Bale's performance is as solid as it was in the first film, although there are a couple moments where his gravelly Batman voice is a little too over the top and comes across as almost comical when it's clearly not meant to be. This is a minor quibble though, and it hardly matters when you consider the rest of his performance. Bale manages to channel some impressive rage in this film, particularly when dealing directly with the Joker. We got a taste of this in Batman Begins during one of his criminal interrogations, but this takes it to a whole new level. Gary Oldman's performance as James Gordon is also noteworthy; never has Gordon been a more compelling character than he is in Oldman's hands. The character really comes into his own in this movie, finally showing the confidence needed to take on the position of Gotham City's Police Commissioner.
As for the film's plot, it takes a back seat to the characters, and I don't mean that in a bad way at all. What I mean is that the characters drive the story instead of merely being dragged along for the ride, being moved from set piece to set piece as the story requires (see Indiana Jones and the Kingdom of Terrible Disappointment). They dictate the action, as a good story should be, and nothing seems gratuitously thrown in without logic or reason just because the writers thought it would be cool.
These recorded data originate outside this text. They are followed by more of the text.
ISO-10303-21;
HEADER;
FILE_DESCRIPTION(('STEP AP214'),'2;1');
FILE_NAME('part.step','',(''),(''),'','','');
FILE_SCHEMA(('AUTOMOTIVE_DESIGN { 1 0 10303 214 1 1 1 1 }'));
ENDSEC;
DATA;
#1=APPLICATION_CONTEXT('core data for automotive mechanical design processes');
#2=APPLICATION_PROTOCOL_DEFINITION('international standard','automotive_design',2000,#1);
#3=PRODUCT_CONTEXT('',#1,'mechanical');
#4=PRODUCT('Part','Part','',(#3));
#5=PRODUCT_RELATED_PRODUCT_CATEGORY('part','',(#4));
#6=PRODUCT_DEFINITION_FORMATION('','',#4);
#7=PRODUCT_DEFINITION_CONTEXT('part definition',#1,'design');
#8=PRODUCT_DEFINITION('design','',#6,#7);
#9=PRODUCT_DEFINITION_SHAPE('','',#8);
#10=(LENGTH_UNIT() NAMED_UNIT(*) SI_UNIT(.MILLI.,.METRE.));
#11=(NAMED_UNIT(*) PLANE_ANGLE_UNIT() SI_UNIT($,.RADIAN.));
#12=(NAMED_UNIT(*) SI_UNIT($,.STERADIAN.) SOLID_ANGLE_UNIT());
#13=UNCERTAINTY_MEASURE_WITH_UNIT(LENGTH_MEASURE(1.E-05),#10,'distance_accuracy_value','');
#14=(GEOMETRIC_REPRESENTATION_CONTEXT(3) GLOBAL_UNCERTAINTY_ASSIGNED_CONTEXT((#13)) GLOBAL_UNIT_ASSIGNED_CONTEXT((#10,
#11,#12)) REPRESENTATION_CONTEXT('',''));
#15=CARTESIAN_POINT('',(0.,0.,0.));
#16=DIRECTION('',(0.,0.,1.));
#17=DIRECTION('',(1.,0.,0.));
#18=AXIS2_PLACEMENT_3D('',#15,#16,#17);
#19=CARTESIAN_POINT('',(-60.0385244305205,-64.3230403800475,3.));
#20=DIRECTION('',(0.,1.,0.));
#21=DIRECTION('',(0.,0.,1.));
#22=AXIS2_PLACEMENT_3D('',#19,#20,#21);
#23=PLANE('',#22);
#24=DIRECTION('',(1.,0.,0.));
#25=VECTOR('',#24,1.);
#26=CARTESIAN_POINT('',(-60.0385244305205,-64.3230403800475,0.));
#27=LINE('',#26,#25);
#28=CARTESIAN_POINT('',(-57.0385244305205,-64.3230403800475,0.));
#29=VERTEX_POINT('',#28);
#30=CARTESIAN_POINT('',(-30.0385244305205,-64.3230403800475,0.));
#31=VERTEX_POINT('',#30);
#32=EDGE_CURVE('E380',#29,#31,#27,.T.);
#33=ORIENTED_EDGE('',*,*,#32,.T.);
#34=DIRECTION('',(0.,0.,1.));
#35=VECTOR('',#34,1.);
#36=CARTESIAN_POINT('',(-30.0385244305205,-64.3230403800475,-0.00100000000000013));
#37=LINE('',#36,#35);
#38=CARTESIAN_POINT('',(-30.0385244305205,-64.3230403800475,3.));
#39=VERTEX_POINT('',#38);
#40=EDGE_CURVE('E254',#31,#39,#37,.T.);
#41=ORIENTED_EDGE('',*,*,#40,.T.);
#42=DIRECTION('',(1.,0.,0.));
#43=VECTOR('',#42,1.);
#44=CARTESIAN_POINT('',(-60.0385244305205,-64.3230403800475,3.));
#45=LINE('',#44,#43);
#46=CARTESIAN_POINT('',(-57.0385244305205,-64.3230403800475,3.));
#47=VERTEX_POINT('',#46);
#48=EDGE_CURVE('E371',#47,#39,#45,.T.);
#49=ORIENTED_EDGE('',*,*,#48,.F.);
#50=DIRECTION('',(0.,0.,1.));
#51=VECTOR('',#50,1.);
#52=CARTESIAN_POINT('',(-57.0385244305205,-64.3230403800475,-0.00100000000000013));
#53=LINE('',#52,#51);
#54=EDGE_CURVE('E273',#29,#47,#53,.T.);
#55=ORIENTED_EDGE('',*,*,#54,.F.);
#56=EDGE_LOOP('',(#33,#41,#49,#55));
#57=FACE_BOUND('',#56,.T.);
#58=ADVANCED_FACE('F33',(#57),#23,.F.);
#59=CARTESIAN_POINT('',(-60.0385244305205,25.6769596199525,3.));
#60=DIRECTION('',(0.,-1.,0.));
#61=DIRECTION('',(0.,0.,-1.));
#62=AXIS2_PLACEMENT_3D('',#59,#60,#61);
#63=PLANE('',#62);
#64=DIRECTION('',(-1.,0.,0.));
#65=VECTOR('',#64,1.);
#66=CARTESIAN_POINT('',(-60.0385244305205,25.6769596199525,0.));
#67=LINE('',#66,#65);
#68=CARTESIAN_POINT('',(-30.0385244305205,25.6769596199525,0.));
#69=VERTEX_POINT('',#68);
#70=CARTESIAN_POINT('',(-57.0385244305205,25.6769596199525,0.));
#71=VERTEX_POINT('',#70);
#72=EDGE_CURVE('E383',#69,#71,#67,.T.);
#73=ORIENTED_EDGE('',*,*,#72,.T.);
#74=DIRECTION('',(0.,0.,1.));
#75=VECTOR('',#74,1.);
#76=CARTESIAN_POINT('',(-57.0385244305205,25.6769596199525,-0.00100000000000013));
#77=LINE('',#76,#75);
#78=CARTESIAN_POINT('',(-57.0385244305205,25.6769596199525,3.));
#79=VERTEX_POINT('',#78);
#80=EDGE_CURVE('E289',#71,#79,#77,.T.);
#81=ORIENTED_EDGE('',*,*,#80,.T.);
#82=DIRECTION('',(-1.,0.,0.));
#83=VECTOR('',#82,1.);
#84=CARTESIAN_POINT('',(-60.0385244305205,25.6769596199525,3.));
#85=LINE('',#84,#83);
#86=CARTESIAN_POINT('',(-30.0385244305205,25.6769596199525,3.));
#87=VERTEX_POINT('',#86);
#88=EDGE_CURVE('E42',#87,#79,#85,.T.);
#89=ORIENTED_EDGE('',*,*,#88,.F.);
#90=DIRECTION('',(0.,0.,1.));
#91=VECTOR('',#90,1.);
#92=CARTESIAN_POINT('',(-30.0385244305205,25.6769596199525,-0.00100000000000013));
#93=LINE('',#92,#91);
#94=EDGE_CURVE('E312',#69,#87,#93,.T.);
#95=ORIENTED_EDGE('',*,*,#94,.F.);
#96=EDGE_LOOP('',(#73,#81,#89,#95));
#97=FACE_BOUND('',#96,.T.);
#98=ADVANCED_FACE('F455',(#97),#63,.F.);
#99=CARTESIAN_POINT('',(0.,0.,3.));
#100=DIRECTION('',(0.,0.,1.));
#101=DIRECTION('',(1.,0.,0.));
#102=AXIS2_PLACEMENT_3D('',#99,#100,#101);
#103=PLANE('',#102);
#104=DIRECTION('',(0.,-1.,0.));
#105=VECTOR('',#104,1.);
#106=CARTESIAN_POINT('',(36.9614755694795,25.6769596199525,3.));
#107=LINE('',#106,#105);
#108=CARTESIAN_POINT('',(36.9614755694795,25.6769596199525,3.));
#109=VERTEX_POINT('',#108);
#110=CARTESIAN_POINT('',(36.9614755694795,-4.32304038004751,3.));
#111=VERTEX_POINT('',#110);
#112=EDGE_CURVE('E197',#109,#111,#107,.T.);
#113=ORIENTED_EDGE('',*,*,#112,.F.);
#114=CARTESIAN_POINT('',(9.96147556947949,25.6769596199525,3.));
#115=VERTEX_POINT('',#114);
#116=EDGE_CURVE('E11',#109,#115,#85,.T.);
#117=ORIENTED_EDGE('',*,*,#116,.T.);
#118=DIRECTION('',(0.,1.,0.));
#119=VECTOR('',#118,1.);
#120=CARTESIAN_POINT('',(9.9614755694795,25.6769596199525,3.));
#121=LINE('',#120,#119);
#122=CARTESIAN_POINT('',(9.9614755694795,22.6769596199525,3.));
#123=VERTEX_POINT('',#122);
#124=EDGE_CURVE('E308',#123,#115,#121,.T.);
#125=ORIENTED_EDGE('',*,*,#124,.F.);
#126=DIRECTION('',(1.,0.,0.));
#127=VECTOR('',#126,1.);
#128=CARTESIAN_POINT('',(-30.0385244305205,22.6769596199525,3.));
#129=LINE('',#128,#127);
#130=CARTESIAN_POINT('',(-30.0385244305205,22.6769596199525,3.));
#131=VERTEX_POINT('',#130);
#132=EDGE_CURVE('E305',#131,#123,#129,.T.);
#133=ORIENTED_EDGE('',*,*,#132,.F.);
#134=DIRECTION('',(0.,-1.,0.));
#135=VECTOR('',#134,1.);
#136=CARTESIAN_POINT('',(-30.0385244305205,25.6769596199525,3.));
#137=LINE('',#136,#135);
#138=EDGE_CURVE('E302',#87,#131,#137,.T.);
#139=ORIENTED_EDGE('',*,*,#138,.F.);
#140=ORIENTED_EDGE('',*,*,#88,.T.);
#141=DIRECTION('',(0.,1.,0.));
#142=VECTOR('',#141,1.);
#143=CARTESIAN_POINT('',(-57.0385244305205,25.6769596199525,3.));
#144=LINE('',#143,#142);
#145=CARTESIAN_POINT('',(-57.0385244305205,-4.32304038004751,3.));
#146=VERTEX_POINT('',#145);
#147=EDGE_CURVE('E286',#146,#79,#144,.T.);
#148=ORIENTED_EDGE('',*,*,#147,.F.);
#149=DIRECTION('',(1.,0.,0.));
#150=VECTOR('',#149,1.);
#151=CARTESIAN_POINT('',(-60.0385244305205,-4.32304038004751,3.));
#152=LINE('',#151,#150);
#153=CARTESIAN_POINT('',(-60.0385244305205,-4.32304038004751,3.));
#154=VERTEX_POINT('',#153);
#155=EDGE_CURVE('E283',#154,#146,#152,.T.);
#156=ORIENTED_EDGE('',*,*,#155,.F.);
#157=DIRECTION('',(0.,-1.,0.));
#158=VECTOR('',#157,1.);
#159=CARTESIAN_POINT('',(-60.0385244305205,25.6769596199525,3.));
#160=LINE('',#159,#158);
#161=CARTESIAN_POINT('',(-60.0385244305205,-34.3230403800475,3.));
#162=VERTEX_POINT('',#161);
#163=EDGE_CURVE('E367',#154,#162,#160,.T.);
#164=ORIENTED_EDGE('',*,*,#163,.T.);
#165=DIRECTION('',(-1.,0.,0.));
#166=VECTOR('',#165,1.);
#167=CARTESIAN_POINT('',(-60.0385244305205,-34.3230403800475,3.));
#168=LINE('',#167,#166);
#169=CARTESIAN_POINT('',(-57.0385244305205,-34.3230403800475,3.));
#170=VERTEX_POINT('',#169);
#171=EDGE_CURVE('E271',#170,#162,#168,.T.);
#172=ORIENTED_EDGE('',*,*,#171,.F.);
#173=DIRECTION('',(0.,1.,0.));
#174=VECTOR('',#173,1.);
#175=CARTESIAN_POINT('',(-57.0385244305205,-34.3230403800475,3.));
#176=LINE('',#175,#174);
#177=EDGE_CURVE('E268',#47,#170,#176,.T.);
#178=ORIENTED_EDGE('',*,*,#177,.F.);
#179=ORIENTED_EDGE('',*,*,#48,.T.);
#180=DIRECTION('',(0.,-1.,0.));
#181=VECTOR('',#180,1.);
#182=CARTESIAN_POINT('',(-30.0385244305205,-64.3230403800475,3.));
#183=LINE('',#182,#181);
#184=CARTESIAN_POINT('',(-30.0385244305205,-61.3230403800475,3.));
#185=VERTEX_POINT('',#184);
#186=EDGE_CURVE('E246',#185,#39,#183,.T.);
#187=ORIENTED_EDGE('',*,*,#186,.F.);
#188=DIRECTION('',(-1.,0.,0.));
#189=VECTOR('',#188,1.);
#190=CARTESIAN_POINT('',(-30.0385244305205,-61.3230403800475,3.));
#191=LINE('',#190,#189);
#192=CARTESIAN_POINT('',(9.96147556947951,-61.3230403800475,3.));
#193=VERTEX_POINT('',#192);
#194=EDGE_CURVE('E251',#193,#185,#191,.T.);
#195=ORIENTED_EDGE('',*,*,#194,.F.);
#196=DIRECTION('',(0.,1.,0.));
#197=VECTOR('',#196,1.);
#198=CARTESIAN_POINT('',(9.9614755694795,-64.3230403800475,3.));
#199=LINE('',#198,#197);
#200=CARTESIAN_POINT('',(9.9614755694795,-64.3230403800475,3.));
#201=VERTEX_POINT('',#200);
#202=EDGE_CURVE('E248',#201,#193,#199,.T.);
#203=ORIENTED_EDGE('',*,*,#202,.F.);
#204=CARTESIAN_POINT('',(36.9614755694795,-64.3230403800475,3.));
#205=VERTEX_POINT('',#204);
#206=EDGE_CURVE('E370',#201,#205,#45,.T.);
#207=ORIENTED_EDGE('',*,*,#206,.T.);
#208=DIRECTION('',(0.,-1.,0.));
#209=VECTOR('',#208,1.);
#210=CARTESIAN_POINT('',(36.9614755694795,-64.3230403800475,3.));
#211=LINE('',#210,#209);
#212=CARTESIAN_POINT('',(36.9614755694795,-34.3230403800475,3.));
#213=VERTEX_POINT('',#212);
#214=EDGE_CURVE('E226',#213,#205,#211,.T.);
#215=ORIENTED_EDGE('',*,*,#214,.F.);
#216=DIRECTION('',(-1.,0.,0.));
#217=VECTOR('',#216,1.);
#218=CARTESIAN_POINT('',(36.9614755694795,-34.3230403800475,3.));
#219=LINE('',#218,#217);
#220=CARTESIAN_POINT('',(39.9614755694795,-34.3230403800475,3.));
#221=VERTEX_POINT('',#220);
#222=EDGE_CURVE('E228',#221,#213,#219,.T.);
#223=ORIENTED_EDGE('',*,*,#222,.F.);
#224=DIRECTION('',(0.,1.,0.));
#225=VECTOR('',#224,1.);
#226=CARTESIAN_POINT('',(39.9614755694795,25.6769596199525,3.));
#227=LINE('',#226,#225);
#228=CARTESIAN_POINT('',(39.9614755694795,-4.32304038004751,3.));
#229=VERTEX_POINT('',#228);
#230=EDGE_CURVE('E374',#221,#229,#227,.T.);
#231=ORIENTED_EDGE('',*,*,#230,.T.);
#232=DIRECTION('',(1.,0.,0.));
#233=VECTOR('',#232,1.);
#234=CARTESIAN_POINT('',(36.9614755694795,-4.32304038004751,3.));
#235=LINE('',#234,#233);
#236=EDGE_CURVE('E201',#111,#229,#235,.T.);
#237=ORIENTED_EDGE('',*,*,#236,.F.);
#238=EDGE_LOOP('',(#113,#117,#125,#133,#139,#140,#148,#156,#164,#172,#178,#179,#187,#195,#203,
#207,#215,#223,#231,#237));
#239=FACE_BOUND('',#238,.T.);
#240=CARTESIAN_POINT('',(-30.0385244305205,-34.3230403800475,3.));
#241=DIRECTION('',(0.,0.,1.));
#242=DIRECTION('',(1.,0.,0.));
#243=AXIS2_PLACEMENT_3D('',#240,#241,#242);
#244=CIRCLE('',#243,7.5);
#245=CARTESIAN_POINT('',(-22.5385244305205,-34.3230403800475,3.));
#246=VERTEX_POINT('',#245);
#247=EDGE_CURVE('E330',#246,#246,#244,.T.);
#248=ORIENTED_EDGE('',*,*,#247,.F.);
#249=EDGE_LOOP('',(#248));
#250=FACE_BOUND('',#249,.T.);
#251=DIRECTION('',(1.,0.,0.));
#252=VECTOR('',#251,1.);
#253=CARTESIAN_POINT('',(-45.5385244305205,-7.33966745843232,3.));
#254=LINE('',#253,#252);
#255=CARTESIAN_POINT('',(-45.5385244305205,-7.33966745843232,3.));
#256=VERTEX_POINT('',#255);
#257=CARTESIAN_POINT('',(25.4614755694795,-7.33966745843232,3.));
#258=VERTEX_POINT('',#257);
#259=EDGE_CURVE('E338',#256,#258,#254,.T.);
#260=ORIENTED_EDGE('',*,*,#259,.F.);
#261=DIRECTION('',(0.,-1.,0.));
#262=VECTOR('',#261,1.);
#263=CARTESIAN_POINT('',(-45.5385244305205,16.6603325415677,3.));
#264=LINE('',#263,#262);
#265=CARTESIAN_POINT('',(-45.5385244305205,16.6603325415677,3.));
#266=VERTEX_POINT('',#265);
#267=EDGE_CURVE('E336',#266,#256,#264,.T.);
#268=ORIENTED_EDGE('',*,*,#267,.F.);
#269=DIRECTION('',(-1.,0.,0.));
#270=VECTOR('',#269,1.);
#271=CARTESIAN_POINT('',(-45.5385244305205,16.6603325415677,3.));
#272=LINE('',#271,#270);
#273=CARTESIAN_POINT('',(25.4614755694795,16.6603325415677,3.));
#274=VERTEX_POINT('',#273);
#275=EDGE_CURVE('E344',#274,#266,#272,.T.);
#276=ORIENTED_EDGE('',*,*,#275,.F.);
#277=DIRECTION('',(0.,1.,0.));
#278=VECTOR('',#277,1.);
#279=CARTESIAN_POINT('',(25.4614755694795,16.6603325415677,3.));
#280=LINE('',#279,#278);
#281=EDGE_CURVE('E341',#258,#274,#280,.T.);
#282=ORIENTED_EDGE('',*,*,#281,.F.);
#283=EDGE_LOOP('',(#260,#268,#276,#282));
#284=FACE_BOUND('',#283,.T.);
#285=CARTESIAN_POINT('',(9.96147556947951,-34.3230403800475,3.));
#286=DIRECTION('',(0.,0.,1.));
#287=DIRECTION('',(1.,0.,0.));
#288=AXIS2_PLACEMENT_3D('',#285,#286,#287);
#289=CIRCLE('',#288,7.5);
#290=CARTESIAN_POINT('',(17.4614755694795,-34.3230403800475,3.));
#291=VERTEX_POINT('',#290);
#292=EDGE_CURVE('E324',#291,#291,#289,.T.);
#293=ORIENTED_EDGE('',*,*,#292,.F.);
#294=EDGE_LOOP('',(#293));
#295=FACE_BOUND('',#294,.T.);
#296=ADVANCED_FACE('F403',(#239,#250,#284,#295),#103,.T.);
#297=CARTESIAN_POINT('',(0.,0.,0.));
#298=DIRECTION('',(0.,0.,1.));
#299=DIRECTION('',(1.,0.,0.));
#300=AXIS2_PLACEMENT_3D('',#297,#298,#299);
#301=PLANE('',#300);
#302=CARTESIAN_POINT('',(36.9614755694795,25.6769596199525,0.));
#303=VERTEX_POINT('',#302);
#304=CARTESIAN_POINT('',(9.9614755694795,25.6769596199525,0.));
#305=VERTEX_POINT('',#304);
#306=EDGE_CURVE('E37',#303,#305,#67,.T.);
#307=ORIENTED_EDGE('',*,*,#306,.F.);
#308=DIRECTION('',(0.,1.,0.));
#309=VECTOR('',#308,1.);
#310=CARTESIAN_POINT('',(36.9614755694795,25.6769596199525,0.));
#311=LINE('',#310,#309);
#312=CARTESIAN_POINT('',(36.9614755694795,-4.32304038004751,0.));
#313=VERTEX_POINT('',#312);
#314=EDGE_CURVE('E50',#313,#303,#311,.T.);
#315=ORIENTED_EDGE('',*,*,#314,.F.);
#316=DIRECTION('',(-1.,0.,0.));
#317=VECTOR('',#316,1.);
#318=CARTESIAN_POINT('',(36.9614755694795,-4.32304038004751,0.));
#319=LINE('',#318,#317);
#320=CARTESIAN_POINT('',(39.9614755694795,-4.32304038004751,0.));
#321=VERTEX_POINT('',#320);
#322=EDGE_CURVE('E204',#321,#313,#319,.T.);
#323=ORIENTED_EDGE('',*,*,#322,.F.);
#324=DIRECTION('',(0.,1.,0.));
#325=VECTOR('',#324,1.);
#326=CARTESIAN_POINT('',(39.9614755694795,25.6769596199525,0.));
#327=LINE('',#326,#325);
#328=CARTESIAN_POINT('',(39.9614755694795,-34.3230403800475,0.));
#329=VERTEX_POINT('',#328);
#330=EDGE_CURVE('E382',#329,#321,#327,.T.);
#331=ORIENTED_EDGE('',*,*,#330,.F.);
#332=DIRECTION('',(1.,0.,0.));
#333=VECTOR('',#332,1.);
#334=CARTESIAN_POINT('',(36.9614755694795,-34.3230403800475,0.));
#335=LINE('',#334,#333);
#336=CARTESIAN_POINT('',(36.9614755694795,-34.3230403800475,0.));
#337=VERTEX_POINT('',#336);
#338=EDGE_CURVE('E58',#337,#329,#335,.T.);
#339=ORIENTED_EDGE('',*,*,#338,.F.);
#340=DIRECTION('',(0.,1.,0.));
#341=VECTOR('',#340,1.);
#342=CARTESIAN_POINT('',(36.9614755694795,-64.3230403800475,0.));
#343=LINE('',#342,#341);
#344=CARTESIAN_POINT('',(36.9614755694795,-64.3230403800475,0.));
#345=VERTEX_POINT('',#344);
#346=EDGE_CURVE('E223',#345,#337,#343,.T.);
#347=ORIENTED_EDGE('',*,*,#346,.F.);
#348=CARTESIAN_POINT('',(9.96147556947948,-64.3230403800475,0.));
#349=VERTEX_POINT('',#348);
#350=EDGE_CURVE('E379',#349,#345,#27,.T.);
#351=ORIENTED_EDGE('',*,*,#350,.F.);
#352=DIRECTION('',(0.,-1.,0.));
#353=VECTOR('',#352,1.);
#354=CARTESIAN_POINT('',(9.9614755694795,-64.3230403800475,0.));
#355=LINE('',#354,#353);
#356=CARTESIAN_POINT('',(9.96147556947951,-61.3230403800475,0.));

I can't think of a single thing I didn't like about this movie; It delivered everything I was hoping for, and more. It was about as damn near perfect as a movie can get, and it's raised the bar for comic book movies to tremendous heights. I just hope that future filmmakers rise up to the challenge, as I would love nothing more than to see another film one day dethrone this as King of All Comic Book Movies. But they've got their fucking work cut out for them, that's for sure.
(Scored on a 0.5 - 5 pickles rating: 0.5 being the worst and 5 being the best)
Also, did anyone come to the theater early to see the Watchmen Trailer? My God, It's beautiful.